*What is required*. The number needed is how many lines of the data hold the string "mode". Give that number and nothing more.
[Data provided — start]
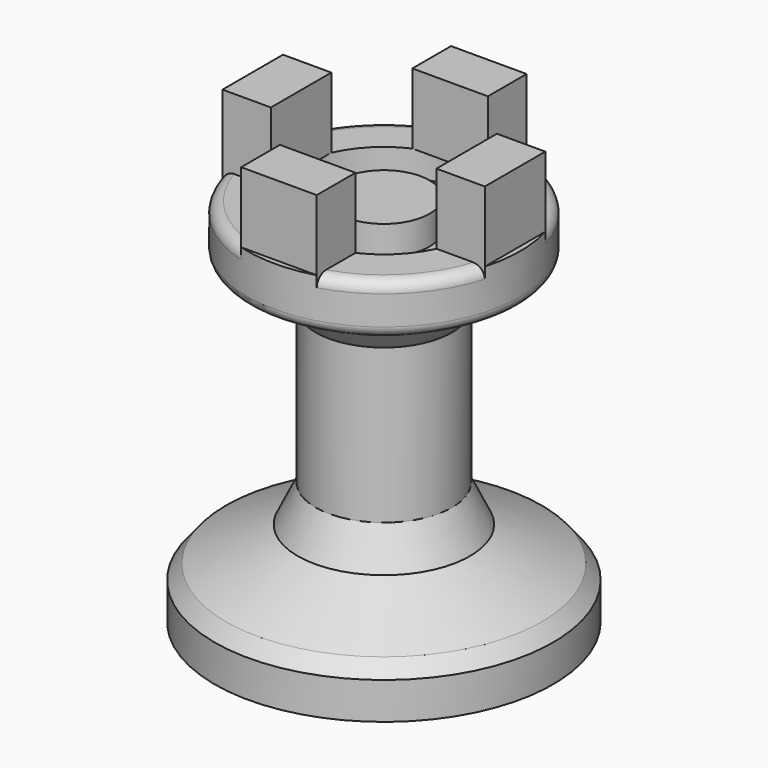
from build123d import *

# Parameters (mm, degrees)
F6_W         = 8.4365679183
F6_H         = 5.4016525666
F6_W_2       = 5.4016525666
F6_H_2       = 8.4365679183
F7_DEPTH     = 7.874
F8_T6_ANGLE  = 57.8625360508
F8_T12_ANGLE = 57.8625360508
F8_T18_ANGLE = 57.8625360508
F8_T24_ANGLE = 57.8625360508
F9_SIZE      = 5.08


# Not quite as in the source:
# - a fillet or chamfer that OpenCascade refuses, or shapes differently, is made with other operations: its cross-section is extruded or revolved along the edge and cut away or added


with BuildPart() as f1:
    # F0 (on Front) → F1 (revolve)
    with BuildSketch(Plane.XZ):
        Polygon((-18.9049374312, -5.9133931063), (0, -5.9133931063), (0, 3.7630684674), (-14.4250961021, 3.7630684674), (-18.9049374312, -1.7919373931), align=None)
    revolve(axis=Axis((0, 0, -1.0751623195), (0, 0, -1)))

    # F9
    f9_edges = [f1.edges().sort_by_distance(p)[0] for p in [
        (14.425096, 0, 3.763068),
    ]]
    chamfer(f9_edges, length=F9_SIZE)


with BuildPart() as f3:
    # F2 (on Front) → F3 (revolve)
    with BuildSketch(Plane.XZ):
        Polygon((-7.62, 7.8041334668), (-9.6175679059, 3.6735106291), (0, 3.6735106291), (0, 7.8041334668), align=None)
        Polygon((-7.62, 25.0067324409), (-7.62, 7.8041334668), (0, 7.8041334668), (0, 25.0643868962), (0, 29.0066474148), (-11.2038745534, 29.0066474148), align=None)
    revolve(axis=Axis((0, 0, 12.5321934481), (0, 0, -1)))


with BuildPart() as f5:
    # F4 (on Front) → F5 (revolve)
    with BuildSketch(Plane.XZ):
        Polygon((-15.24, 30.283741653), (-12.6989696556, 28.8676137807), (0, 29.0293842554), (0, 35.8387455344), (-5.08, 35.8387455344), (-5.08, 32.6132588089), (-10.16, 32.6132588089), (-10.16, 35.4803577065), (-15.24, 35.4803577065), align=None)
    revolve(axis=Axis((0, 0, 32.4340648949), (0, 0, -1)))

    # F6 (on face) → F7 (join)
    with BuildSketch(Plane.XY.offset(35.4803577065)):
        with Locations((0, 11.9437522508)):
            Rectangle(F6_W, F6_H)
        with Locations((11.9437522508, 0)):
            Rectangle(F6_W_2, F6_H_2)
        with Locations((-11.9437522508, 0)):
            Rectangle(F6_W_2, F6_H_2)
        with Locations((0, -11.9437522508)):
            Rectangle(F6_W, F6_H)
    extrude(amount=F7_DEPTH)

    # F8: fillet of radius 1.27 on 6 edges, made by hand

    # F8_s1 → F8_t2 (revolve, cut)
    with BuildSketch(Plane.XZ):
        with BuildLine():
            ThreePointArc((-14.587416998, 29.9195962274), (-15.0650751907, 30.3865108079), (-15.2404, 31.031047685))
            Line((-15.2404, 31.031047685), (-15.36764, 31.031047685))
            ThreePointArc((-15.36764, 31.031047685), (-15.36724, 30.657394669), (-15.36724, 30.283741653))
            Line((-15.36724, 30.283741653), (-15.3019416998, 30.1725965072))
            ThreePointArc((-15.3019416998, 30.1725965072), (-14.9755528368, 29.990698496), (-14.6493586978, 29.8084510816))
            Line((-14.6493586978, 29.8084510816), (-14.587416998, 29.9195962274))
        make_face()
    revolve(axis=Axis((0, 0, 30.283741653), (0, 0, -1)), mode=Mode.SUBTRACT)


with BuildPart() as f8_tool4:
    # F8_s5 → F8_t6 (revolve)
    with BuildSketch(Plane(origin=(0, 0, 0), x_dir=(0, 0, 1), z_dir=(0.96093035, -0.276790286, 0))):
        with BuildLine():
            ThreePointArc((34.2093920211, 15.2404), (35.1083833187, 14.8680256121), (35.4807577065, 13.9690343146))
            Line((35.4807577065, 13.9690343146), (35.6078942751, 13.9690343146))
            ThreePointArc((35.6078942751, 13.9690343146), (35.6074942751, 14.6045171573), (35.6074942751, 15.24))
            Line((35.6074942751, 15.24), (35.4803577065, 15.3671365685))
            ThreePointArc((35.4803577065, 15.3671365685), (34.8448748638, 15.3671365685), (34.2093920211, 15.3675365685))
            Line((34.2093920211, 15.3675365685), (34.2093920211, 15.2404))
        make_face()
    revolve(axis=Axis((0, 0, 35.4803577065), (0, 0, -1)), revolution_arc=F8_T6_ANGLE)

    split(bisect_by=Plane.YZ.offset(-4.2182839591), keep=Keep.BOTTOM)

    split(bisect_by=Plane.XZ.offset(4.2182839591), keep=Keep.TOP)


with BuildPart() as f5_1:
    add(f5.part)

    # F8_t3: cut F8_tool4
    add(f8_tool4.part, mode=Mode.SUBTRACT)


with BuildPart() as f8_tool10:
    # F8_s11 → F8_t12 (revolve)
    with BuildSketch(Plane(origin=(0, 0, 0), x_dir=(0, 0, 1), z_dir=(0.276790286, 0.96093035, 0))):
        with BuildLine():
            ThreePointArc((34.2093920211, 15.2404), (35.1083833187, 14.8680256121), (35.4807577065, 13.9690343146))
            Line((35.4807577065, 13.9690343146), (35.6078942751, 13.9690343146))
            ThreePointArc((35.6078942751, 13.9690343146), (35.6074942751, 14.6045171573), (35.6074942751, 15.24))
            Line((35.6074942751, 15.24), (35.4803577065, 15.3671365685))
            ThreePointArc((35.4803577065, 15.3671365685), (34.8448748638, 15.3671365685), (34.2093920211, 15.3675365685))
            Line((34.2093920211, 15.3675365685), (34.2093920211, 15.2404))
        make_face()
    revolve(axis=Axis((0, 0, 35.4803577065), (0, 0, -1)), revolution_arc=F8_T12_ANGLE)

    split(bisect_by=Plane.XZ.offset(4.2182839591), keep=Keep.TOP)

    split(bisect_by=Plane.YZ.offset(4.2182839591), keep=Keep.TOP)


with BuildPart() as f5_2:
    add(f5_1.part)

    # F8_t9: cut F8_tool10
    add(f8_tool10.part, mode=Mode.SUBTRACT)


with BuildPart() as f8_tool16:
    # F8_s17 → F8_t18 (revolve)
    with BuildSketch(Plane(origin=(0, 0, 0), x_dir=(0, 0, 1), z_dir=(-0.96093035, 0.276790286, 0))):
        with BuildLine():
            ThreePointArc((34.2093920211, 15.2404), (35.1083833187, 14.8680256121), (35.4807577065, 13.9690343146))
            Line((35.4807577065, 13.9690343146), (35.6078942751, 13.9690343146))
            ThreePointArc((35.6078942751, 13.9690343146), (35.6074942751, 14.6045171573), (35.6074942751, 15.24))
            Line((35.6074942751, 15.24), (35.4803577065, 15.3671365685))
            ThreePointArc((35.4803577065, 15.3671365685), (34.8448748638, 15.3671365685), (34.2093920211, 15.3675365685))
            Line((34.2093920211, 15.3675365685), (34.2093920211, 15.2404))
        make_face()
    revolve(axis=Axis((0, 0, 35.4803577065), (0, 0, -1)), revolution_arc=F8_T18_ANGLE)

    split(bisect_by=Plane.YZ.offset(4.2182839591), keep=Keep.TOP)

    split(bisect_by=Plane.XZ.offset(-4.2182839591), keep=Keep.BOTTOM)


with BuildPart() as f5_3:
    add(f5_2.part)

    # F8_t15: cut F8_tool16
    add(f8_tool16.part, mode=Mode.SUBTRACT)


with BuildPart() as f8_tool22:
    # F8_s23 → F8_t24 (revolve)
    with BuildSketch(Plane(origin=(0, 0, 0), x_dir=(0, 0, 1), z_dir=(-0.276790286, -0.96093035, 0))):
        with BuildLine():
            ThreePointArc((34.2093920211, 15.2404), (35.1083833187, 14.8680256121), (35.4807577065, 13.9690343146))
            Line((35.4807577065, 13.9690343146), (35.6078942751, 13.9690343146))
            ThreePointArc((35.6078942751, 13.9690343146), (35.6074942751, 14.6045171573), (35.6074942751, 15.24))
            Line((35.6074942751, 15.24), (35.4803577065, 15.3671365685))
            ThreePointArc((35.4803577065, 15.3671365685), (34.8448748638, 15.3671365685), (34.2093920211, 15.3675365685))
            Line((34.2093920211, 15.3675365685), (34.2093920211, 15.2404))
        make_face()
    revolve(axis=Axis((0, 0, 35.4803577065), (0, 0, -1)), revolution_arc=F8_T24_ANGLE)

    split(bisect_by=Plane.XZ.offset(-4.2182839591), keep=Keep.BOTTOM)

    split(bisect_by=Plane.YZ.offset(-4.2182839591), keep=Keep.BOTTOM)


with BuildPart() as f5_4:
    add(f5_3.part)

    # F8_t21: cut F8_tool22
    add(f8_tool22.part, mode=Mode.SUBTRACT)


solid = Compound([f1.part, f3.part, f5_4.part])
[Data provided — finish]
*Task solution*. 5